## [Aim of the exercise]
Word for word, restate the lines from the start of the data down to the line with "msp = doc.modelspace()", both included.

Dataset items:
-- Opening Marker --
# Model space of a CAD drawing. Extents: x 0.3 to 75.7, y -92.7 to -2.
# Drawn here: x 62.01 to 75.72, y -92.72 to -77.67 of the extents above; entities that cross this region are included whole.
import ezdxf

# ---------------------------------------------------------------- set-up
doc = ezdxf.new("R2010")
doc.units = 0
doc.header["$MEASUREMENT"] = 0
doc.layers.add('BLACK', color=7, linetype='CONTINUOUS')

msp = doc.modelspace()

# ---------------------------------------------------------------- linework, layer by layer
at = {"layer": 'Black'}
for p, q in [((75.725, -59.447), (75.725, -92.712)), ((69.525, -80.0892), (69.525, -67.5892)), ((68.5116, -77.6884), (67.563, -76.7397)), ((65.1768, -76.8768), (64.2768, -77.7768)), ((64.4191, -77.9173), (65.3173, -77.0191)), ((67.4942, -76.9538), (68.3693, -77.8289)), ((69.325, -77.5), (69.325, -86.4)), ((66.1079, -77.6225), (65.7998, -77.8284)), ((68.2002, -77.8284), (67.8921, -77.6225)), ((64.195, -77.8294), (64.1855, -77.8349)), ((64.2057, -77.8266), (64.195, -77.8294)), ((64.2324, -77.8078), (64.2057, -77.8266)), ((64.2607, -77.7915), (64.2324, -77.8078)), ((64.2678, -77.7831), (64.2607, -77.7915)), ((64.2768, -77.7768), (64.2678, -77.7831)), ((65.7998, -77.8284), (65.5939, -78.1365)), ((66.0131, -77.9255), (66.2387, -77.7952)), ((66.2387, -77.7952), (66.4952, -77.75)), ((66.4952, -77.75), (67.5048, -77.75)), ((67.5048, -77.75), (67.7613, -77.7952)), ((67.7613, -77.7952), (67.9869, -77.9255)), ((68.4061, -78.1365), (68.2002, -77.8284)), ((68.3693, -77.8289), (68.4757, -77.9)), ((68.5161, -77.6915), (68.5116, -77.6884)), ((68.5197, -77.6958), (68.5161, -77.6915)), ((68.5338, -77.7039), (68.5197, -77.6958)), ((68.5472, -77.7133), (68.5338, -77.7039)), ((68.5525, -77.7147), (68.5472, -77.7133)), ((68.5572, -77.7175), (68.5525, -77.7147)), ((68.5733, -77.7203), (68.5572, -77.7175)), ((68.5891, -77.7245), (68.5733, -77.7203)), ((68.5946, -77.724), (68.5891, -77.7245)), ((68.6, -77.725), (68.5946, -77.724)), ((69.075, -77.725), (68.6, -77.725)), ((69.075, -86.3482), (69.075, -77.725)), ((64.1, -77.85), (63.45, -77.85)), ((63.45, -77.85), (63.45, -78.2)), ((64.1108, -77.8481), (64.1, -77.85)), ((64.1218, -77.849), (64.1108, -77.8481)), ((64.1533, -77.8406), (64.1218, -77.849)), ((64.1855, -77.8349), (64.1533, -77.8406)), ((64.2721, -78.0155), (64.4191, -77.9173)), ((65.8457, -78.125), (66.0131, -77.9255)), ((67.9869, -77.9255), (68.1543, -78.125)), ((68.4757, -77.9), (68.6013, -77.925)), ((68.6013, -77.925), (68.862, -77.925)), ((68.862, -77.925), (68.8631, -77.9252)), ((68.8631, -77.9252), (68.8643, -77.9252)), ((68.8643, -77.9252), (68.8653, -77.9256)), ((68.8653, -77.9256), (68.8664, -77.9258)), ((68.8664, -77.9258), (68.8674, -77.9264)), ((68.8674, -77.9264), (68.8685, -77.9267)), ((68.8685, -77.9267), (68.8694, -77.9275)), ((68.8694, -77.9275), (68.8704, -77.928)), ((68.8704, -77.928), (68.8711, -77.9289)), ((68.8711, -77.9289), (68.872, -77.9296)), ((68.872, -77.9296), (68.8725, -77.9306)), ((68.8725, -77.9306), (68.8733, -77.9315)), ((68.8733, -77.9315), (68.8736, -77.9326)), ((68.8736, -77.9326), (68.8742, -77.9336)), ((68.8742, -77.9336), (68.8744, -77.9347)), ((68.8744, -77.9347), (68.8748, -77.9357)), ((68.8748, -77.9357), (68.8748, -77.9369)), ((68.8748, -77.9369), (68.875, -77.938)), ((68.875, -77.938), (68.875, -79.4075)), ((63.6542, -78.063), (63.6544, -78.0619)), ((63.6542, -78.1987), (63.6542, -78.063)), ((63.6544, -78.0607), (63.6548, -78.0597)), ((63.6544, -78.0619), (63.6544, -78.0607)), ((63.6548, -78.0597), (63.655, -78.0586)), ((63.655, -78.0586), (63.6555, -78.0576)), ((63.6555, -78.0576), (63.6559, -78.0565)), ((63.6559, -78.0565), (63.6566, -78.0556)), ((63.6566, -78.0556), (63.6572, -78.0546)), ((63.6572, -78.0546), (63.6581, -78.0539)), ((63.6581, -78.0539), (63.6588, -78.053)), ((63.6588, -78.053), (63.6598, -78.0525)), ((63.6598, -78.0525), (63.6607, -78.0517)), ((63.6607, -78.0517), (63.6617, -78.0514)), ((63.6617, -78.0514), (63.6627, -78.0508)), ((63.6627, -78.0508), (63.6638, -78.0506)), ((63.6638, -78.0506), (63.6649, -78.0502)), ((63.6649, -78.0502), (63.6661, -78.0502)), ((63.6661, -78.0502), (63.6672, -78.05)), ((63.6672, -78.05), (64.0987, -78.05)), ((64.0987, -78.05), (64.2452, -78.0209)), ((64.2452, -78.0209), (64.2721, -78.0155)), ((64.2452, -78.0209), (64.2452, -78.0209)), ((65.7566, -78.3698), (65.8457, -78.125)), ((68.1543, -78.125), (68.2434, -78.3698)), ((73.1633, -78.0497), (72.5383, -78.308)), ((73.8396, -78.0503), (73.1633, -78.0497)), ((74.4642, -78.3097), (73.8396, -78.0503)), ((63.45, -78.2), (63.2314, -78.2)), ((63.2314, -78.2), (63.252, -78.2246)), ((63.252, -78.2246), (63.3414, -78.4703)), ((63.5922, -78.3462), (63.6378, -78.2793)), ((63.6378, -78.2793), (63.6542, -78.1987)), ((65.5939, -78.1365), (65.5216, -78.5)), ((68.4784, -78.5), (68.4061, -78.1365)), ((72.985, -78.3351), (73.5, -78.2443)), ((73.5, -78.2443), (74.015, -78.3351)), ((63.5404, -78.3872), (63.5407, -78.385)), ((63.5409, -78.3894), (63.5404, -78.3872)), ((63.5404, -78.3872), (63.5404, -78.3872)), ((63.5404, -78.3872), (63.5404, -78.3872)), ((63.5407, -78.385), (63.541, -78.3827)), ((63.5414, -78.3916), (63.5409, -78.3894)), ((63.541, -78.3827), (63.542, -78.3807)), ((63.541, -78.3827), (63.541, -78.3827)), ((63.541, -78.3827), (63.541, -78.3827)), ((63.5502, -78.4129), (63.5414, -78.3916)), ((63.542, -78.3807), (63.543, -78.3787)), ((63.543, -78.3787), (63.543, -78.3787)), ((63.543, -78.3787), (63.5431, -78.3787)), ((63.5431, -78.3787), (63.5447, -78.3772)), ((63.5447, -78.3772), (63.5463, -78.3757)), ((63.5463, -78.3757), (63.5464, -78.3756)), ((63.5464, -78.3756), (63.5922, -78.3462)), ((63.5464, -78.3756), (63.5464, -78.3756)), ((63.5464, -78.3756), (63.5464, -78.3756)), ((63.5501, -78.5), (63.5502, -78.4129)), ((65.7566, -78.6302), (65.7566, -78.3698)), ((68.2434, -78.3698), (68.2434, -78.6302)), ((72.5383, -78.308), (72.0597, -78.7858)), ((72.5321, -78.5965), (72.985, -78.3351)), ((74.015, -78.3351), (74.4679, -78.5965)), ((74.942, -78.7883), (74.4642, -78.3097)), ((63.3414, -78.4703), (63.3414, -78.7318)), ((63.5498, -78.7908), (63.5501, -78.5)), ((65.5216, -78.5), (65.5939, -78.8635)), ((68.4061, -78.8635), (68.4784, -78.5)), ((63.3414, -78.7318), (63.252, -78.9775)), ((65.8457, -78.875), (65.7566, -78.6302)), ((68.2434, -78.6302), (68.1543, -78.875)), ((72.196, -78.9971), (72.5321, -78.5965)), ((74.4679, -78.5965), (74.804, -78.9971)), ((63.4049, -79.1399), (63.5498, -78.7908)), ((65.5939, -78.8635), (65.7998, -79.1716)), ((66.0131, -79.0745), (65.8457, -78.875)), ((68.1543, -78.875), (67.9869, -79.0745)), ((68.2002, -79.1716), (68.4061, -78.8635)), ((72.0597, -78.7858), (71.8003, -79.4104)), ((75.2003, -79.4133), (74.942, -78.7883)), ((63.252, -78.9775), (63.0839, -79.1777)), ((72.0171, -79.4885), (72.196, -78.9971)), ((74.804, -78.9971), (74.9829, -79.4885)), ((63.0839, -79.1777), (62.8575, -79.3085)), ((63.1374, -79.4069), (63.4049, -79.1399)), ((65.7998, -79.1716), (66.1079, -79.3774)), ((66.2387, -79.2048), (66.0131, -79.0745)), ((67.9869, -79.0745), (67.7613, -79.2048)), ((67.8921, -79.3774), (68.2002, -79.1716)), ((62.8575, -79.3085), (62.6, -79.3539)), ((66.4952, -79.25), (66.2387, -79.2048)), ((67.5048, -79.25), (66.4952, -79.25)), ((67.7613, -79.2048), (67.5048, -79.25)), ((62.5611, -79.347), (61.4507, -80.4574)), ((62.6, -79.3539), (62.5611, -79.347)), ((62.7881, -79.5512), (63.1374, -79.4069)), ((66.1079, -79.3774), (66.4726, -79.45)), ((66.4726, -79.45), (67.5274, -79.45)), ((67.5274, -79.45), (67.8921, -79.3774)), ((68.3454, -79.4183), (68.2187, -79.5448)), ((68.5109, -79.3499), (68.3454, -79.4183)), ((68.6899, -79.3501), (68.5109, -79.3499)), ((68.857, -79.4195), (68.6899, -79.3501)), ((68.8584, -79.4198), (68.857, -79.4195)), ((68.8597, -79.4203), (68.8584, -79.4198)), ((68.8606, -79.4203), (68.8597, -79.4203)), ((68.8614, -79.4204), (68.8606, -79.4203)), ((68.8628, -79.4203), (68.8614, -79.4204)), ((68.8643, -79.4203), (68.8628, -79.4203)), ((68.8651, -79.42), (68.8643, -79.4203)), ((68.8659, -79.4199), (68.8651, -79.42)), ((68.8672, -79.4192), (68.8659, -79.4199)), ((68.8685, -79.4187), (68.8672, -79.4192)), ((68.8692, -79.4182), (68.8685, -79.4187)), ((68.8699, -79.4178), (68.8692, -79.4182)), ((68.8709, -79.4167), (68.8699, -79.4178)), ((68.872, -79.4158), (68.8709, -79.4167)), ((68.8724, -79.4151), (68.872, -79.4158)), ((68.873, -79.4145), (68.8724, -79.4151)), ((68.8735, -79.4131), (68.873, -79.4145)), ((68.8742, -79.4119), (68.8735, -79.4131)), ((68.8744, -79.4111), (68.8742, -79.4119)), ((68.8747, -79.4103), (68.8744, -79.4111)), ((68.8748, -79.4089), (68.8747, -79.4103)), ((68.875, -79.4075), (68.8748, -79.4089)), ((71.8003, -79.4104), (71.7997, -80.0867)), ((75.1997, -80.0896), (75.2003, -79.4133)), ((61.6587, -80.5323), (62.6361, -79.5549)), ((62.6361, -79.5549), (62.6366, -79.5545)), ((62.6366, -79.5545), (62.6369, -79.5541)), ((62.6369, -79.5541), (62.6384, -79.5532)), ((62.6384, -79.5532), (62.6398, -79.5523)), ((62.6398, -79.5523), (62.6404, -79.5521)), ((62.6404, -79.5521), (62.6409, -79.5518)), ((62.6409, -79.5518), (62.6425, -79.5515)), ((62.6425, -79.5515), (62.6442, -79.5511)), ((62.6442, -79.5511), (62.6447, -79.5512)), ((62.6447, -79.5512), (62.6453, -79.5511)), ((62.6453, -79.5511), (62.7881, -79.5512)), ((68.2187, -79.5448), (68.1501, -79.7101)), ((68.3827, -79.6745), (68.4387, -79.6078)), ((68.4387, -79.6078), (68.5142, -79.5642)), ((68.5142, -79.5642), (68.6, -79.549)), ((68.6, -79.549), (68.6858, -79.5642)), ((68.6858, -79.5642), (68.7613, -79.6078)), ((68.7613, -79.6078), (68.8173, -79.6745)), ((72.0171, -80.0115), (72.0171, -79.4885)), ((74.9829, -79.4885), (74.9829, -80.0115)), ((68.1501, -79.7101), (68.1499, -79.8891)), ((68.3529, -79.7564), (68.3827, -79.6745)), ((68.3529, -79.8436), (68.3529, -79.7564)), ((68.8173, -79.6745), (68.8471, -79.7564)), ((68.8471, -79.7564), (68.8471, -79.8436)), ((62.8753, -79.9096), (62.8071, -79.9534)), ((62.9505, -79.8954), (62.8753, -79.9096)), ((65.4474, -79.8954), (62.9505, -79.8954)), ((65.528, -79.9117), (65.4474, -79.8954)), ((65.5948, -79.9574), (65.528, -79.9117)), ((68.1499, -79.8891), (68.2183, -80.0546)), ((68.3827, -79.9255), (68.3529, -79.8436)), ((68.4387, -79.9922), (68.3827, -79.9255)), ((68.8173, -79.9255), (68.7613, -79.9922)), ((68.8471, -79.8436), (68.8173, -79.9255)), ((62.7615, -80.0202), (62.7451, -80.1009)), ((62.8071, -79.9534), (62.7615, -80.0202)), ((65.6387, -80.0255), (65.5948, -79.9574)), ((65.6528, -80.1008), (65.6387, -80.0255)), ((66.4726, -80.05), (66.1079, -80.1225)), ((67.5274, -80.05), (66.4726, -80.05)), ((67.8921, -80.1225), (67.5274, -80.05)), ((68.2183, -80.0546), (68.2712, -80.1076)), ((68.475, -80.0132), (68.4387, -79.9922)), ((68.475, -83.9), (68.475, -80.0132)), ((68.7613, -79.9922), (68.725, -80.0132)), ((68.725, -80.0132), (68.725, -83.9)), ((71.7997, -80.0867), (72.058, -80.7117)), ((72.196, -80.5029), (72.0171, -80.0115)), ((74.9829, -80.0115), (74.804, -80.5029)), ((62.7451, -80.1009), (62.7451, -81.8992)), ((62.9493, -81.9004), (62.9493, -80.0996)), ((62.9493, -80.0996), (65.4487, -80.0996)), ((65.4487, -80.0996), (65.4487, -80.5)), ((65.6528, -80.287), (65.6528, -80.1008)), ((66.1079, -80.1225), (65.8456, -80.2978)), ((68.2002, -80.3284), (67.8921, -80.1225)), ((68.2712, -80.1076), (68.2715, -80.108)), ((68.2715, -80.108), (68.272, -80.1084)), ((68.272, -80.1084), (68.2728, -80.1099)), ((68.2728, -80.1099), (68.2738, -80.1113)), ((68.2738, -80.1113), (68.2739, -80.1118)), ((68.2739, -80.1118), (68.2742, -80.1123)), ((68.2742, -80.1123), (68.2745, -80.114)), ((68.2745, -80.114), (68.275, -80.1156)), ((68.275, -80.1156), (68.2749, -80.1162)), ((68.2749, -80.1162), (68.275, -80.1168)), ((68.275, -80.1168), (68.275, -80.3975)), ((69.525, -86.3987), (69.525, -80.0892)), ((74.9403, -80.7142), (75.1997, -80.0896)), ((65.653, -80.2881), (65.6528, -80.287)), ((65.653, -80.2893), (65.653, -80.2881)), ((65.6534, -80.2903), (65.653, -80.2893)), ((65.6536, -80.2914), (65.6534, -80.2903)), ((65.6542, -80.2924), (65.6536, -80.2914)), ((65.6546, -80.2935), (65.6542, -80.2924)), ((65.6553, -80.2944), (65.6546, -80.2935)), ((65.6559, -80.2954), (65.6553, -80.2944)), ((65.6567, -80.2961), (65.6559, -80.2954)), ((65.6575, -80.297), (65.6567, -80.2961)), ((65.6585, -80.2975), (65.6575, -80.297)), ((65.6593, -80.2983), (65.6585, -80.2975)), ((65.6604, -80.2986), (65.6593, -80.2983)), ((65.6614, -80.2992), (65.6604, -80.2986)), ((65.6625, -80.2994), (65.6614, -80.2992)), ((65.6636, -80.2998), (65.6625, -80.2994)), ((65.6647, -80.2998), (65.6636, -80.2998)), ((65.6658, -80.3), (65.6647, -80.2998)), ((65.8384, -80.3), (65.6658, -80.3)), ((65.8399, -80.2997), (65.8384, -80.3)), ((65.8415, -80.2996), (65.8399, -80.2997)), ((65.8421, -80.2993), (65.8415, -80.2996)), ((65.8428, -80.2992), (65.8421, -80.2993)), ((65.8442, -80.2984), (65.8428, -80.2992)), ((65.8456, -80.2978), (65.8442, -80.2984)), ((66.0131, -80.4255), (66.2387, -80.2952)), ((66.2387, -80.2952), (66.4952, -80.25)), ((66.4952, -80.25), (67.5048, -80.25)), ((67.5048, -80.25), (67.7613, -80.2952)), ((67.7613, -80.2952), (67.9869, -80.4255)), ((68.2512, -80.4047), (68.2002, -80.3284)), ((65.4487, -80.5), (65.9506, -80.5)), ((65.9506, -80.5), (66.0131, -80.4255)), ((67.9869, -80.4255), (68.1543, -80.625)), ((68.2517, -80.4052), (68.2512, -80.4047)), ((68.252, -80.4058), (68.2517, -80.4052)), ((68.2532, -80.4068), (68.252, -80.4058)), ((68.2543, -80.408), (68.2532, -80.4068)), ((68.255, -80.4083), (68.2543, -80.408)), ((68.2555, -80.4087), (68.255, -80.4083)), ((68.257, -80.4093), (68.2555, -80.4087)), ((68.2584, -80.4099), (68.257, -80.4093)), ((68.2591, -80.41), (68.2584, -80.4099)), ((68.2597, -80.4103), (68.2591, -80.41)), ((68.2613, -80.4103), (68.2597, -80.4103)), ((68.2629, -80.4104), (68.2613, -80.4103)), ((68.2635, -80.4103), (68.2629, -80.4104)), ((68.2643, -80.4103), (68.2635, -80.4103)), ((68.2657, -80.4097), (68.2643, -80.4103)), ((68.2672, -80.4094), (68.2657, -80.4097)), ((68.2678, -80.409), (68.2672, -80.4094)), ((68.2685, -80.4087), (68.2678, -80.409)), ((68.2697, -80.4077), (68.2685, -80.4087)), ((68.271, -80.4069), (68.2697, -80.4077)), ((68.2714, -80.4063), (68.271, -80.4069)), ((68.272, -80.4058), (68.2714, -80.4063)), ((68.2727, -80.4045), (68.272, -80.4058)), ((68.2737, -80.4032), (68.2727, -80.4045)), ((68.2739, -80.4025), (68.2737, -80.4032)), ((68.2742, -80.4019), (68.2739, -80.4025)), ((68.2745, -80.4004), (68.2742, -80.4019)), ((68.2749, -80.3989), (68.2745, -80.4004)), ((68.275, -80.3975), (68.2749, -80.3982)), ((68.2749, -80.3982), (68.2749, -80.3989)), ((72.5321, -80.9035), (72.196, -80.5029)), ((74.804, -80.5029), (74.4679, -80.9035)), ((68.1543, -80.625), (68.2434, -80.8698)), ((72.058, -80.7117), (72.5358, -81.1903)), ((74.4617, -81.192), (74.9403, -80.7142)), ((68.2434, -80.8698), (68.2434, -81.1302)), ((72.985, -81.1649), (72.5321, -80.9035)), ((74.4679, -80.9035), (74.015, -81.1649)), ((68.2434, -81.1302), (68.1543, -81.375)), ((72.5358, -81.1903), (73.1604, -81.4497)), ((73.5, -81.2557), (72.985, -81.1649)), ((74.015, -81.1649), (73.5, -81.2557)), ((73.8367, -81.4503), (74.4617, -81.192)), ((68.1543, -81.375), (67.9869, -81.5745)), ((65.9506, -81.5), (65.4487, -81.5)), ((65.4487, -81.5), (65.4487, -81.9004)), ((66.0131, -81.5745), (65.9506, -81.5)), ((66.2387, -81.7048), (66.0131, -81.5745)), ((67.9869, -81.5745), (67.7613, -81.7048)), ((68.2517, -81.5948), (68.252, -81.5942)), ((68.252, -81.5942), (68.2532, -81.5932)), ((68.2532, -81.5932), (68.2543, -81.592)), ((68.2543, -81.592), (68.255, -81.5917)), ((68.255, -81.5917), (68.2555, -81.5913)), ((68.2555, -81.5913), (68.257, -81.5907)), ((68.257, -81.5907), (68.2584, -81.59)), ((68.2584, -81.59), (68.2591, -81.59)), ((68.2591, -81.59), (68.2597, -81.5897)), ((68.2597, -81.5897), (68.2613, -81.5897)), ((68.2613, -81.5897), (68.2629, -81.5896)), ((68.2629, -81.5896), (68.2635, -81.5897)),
-- Closing Marker --
## [Solution]
# Model space of a CAD drawing. Extents: x 0.3 to 75.7, y -92.7 to -2.
# Drawn here: x 62.01 to 75.72, y -92.72 to -77.67 of the extents above; entities that cross this region are included whole.
import ezdxf

# ---------------------------------------------------------------- set-up
doc = ezdxf.new("R2010")
doc.units = 0
doc.header["$MEASUREMENT"] = 0
doc.layers.add('BLACK', color=7, linetype='CONTINUOUS')

msp = doc.modelspace()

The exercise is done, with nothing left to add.